▶ **What you need to do**: Copy out, from the entries below, each line that holds the string "dimdec".

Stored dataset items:
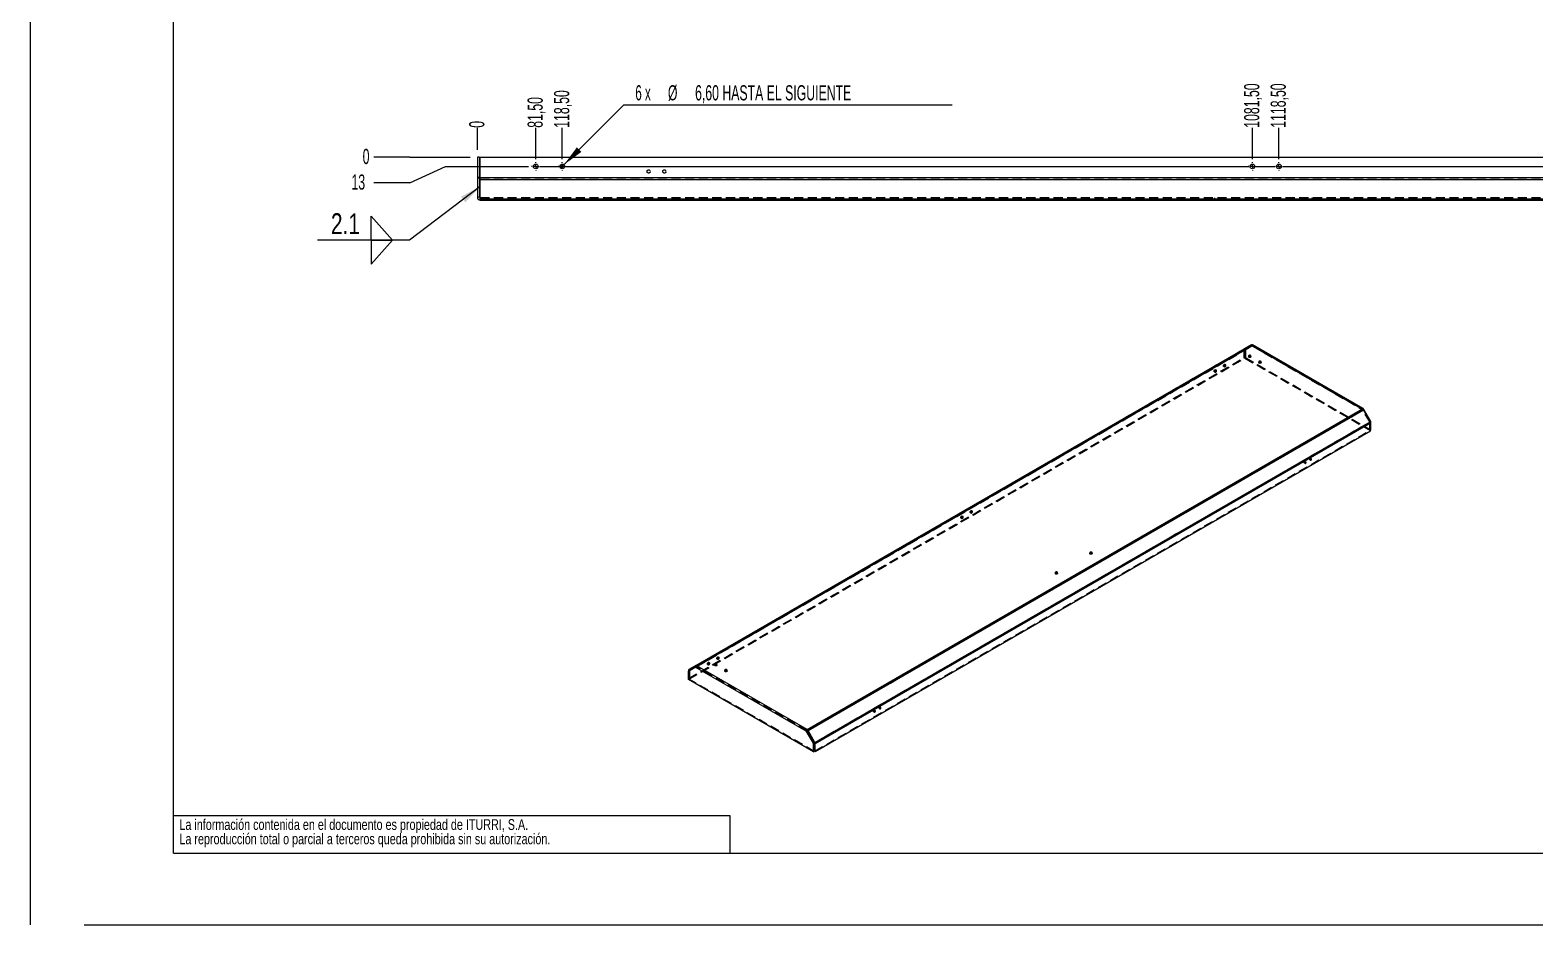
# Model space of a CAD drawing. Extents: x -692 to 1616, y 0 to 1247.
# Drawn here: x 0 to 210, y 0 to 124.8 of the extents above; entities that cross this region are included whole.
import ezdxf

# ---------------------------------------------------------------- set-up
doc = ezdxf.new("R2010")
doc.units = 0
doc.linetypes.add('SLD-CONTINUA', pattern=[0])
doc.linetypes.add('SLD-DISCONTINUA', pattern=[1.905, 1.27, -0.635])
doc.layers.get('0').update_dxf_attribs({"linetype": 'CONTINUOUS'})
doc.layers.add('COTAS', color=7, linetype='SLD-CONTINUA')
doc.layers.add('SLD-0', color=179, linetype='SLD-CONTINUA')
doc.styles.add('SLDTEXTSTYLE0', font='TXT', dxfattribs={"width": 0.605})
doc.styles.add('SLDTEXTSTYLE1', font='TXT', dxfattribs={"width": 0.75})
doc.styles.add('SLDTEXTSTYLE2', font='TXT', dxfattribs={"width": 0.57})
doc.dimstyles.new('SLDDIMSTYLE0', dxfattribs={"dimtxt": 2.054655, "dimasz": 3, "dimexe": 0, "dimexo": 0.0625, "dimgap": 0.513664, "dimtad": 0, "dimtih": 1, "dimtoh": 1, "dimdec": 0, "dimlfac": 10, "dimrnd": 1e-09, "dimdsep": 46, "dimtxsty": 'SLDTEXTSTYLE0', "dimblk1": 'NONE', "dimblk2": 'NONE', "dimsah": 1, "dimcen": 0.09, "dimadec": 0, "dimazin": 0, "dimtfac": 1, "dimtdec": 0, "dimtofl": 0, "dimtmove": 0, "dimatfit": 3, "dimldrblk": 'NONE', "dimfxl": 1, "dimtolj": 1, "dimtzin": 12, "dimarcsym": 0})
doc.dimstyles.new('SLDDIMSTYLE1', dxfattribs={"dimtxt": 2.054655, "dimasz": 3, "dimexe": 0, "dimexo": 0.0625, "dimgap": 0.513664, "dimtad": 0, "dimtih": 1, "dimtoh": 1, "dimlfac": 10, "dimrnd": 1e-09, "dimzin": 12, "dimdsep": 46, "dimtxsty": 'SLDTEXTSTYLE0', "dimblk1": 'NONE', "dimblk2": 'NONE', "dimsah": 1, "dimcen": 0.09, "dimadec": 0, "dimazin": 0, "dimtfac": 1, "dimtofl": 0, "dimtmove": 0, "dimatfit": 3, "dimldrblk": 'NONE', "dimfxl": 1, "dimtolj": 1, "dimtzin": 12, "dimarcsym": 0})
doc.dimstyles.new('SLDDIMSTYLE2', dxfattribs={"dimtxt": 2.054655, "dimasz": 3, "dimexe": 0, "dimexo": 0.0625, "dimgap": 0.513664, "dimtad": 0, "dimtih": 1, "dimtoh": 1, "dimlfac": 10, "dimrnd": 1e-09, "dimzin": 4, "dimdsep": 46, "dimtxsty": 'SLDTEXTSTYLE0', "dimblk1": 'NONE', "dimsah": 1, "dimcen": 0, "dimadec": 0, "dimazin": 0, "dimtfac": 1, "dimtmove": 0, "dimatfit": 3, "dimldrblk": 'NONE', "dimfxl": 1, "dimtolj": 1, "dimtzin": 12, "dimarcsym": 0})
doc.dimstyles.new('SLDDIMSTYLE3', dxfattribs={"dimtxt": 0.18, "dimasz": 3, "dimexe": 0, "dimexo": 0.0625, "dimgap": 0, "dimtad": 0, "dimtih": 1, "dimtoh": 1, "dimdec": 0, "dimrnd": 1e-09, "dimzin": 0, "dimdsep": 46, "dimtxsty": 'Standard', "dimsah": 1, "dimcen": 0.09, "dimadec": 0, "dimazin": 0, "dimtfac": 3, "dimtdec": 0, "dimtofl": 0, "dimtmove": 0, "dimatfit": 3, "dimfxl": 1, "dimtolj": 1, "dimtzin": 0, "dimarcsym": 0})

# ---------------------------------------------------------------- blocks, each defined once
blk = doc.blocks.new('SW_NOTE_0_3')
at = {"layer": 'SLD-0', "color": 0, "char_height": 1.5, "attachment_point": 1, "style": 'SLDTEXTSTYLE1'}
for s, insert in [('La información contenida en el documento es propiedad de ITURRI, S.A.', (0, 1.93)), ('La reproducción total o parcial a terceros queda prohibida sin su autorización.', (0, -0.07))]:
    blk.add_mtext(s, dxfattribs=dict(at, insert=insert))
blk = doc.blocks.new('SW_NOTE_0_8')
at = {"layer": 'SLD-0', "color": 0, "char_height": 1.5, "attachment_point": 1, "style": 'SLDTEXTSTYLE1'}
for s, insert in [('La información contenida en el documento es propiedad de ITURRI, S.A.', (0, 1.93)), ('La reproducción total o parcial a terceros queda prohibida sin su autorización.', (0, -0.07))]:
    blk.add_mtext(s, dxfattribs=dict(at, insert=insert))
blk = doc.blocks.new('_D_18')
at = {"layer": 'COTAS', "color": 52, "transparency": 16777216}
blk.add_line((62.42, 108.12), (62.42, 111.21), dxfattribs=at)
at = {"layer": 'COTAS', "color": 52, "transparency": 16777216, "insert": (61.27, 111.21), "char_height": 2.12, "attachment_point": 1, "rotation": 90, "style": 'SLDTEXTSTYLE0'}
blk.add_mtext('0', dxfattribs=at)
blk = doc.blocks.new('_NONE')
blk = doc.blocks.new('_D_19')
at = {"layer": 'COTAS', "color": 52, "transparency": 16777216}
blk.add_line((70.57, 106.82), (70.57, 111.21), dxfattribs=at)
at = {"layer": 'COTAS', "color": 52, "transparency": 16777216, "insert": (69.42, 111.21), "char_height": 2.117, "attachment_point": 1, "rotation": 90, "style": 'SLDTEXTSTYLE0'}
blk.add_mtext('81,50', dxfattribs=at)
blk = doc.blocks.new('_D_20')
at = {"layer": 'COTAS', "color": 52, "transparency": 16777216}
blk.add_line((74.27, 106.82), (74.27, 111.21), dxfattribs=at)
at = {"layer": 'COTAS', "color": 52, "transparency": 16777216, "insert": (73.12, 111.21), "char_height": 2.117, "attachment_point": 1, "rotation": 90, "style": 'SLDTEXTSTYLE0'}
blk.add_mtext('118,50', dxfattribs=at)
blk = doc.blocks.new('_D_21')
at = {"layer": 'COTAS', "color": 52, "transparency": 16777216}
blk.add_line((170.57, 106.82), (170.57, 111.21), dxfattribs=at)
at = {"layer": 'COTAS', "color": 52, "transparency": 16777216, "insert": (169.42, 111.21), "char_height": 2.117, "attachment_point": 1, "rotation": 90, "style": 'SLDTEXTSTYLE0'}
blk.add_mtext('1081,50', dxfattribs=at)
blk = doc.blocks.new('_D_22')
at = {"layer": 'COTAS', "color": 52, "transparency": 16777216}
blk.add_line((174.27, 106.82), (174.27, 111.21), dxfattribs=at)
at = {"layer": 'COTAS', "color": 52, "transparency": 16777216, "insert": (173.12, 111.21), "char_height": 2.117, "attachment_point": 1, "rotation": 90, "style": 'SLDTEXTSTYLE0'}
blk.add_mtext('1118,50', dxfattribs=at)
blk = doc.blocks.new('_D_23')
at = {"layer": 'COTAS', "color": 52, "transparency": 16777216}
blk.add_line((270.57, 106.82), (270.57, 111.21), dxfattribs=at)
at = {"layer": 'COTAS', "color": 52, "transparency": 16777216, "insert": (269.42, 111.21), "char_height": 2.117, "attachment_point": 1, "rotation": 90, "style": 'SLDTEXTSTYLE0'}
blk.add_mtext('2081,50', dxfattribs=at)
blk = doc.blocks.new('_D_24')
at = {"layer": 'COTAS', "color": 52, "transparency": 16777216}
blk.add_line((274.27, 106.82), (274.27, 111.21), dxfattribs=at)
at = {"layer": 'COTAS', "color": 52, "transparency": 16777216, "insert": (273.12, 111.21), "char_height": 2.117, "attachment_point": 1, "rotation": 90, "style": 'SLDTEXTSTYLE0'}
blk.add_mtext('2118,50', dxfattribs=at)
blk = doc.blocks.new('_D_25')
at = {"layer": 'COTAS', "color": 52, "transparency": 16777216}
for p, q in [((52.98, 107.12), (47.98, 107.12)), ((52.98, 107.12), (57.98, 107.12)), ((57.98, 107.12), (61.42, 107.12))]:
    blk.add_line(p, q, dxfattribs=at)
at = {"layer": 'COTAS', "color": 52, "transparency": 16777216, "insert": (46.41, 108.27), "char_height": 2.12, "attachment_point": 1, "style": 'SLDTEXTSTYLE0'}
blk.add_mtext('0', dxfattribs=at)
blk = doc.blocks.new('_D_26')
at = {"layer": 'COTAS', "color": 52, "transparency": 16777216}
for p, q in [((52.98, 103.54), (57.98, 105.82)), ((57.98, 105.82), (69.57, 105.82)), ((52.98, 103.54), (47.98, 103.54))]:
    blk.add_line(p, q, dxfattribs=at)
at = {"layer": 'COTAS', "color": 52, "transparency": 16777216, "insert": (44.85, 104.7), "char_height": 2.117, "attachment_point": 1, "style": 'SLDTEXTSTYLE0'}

▶ **Response box**:
doc.dimstyles.new('SLDDIMSTYLE0', dxfattribs={"dimtxt": 2.054655, "dimasz": 3, "dimexe": 0, "dimexo": 0.0625, "dimgap": 0.513664, "dimtad": 0, "dimtih": 1, "dimtoh": 1, "dimdec": 0, "dimlfac": 10, "dimrnd": 1e-09, "dimdsep": 46, "dimtxsty": 'SLDTEXTSTYLE0', "dimblk1": 'NONE', "dimblk2": 'NONE', "dimsah": 1, "dimcen": 0.09, "dimadec": 0, "dimazin": 0, "dimtfac": 1, "dimtdec": 0, "dimtofl": 0, "dimtmove": 0, "dimatfit": 3, "dimldrblk": 'NONE', "dimfxl": 1, "dimtolj": 1, "dimtzin": 12, "dimarcsym": 0})
doc.dimstyles.new('SLDDIMSTYLE3', dxfattribs={"dimtxt": 0.18, "dimasz": 3, "dimexe": 0, "dimexo": 0.0625, "dimgap": 0, "dimtad": 0, "dimtih": 1, "dimtoh": 1, "dimdec": 0, "dimrnd": 1e-09, "dimzin": 0, "dimdsep": 46, "dimtxsty": 'Standard', "dimsah": 1, "dimcen": 0.09, "dimadec": 0, "dimazin": 0, "dimtfac": 3, "dimtdec": 0, "dimtofl": 0, "dimtmove": 0, "dimatfit": 3, "dimfxl": 1, "dimtolj": 1, "dimtzin": 0, "dimarcsym": 0})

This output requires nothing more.